The problem -
Below are the records; copy each line in them that holds the word "color".

Stored items
+++
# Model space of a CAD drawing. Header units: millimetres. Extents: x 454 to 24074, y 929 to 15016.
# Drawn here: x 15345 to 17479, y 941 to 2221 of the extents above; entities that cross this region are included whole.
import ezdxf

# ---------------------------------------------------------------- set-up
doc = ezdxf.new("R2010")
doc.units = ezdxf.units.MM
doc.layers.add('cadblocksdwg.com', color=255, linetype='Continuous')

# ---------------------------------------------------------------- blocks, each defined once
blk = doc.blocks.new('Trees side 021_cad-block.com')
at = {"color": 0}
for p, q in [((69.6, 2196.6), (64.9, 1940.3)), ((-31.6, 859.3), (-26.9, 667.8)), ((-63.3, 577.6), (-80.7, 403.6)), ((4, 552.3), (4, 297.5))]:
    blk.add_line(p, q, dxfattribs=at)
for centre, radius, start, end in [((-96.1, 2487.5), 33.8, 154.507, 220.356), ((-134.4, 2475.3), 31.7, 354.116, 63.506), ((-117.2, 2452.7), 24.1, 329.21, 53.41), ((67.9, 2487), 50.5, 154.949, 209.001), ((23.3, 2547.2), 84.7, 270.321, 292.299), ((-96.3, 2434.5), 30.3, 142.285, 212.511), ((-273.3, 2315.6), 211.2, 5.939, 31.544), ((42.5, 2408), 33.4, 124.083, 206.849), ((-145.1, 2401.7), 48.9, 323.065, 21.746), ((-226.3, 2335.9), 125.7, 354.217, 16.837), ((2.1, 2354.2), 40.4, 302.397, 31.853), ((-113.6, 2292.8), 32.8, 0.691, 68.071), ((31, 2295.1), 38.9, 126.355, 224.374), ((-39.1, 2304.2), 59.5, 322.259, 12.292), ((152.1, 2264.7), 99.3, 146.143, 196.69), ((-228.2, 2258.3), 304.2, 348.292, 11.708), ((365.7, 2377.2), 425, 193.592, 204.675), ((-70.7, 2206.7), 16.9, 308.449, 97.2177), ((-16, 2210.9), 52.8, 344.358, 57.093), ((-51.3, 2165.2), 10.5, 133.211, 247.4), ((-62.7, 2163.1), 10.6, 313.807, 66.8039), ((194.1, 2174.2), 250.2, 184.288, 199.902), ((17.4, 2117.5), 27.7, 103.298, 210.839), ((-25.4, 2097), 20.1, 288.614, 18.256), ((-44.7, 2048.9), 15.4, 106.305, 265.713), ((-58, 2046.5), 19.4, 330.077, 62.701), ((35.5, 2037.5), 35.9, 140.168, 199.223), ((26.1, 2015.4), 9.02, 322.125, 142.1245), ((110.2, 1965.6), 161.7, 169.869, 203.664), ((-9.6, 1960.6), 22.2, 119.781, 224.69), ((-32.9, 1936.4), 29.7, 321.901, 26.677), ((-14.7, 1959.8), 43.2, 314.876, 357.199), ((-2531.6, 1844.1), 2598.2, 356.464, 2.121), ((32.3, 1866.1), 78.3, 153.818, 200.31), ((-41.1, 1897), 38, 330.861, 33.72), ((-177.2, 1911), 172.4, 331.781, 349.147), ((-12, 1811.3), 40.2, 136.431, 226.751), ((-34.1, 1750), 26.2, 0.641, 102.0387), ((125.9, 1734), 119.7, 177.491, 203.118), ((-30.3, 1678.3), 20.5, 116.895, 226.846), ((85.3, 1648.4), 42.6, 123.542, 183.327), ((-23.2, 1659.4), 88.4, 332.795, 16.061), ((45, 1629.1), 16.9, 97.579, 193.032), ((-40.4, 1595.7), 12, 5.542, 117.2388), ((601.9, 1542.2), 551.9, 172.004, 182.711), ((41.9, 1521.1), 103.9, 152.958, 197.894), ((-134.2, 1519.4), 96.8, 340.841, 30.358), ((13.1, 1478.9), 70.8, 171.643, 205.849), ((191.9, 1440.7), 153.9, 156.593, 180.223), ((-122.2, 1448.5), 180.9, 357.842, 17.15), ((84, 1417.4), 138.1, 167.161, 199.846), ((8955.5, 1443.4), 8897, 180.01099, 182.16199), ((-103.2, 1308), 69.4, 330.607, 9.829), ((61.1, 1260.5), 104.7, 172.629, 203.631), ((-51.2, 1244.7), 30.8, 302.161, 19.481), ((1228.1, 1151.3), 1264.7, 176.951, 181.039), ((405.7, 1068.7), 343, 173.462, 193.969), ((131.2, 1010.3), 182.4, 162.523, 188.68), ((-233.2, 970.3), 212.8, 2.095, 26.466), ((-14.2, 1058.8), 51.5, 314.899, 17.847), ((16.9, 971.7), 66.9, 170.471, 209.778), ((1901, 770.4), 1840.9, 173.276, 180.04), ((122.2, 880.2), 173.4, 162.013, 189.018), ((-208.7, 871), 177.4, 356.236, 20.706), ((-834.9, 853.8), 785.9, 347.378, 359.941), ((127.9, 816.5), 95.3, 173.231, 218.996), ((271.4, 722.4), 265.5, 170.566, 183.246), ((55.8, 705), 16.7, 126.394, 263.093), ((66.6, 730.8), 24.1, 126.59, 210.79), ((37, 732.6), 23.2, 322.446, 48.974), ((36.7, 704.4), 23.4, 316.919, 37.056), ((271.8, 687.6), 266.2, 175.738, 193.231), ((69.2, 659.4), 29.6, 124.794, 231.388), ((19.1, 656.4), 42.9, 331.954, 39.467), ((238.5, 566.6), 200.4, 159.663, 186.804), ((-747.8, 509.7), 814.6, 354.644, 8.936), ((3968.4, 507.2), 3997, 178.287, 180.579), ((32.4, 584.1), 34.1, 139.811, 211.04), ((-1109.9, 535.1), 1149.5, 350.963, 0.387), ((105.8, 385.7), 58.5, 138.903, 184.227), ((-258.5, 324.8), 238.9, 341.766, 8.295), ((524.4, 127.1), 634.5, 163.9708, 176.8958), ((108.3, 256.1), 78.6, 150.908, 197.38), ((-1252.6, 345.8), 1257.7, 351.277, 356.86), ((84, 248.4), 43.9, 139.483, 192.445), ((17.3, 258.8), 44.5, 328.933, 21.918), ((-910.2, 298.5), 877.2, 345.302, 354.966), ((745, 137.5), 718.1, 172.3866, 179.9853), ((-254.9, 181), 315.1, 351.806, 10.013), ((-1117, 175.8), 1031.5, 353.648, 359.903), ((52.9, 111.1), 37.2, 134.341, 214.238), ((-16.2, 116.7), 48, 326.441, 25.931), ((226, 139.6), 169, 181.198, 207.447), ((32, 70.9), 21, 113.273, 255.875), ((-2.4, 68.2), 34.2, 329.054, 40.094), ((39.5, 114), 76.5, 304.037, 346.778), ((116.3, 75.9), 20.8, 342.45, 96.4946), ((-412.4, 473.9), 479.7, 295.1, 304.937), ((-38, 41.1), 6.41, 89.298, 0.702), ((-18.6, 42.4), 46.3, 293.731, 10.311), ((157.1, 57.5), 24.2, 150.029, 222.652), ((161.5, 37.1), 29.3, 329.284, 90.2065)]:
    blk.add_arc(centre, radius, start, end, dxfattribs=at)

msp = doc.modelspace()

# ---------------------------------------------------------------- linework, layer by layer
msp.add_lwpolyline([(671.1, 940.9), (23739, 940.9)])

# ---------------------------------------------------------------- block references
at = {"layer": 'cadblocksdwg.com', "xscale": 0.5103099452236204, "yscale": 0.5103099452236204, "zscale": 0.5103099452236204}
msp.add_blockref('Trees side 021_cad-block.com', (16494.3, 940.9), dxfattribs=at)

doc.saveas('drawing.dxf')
+++
Expected output -
doc.layers.add('cadblocksdwg.com', color=255, linetype='Continuous')
at = {"color": 0}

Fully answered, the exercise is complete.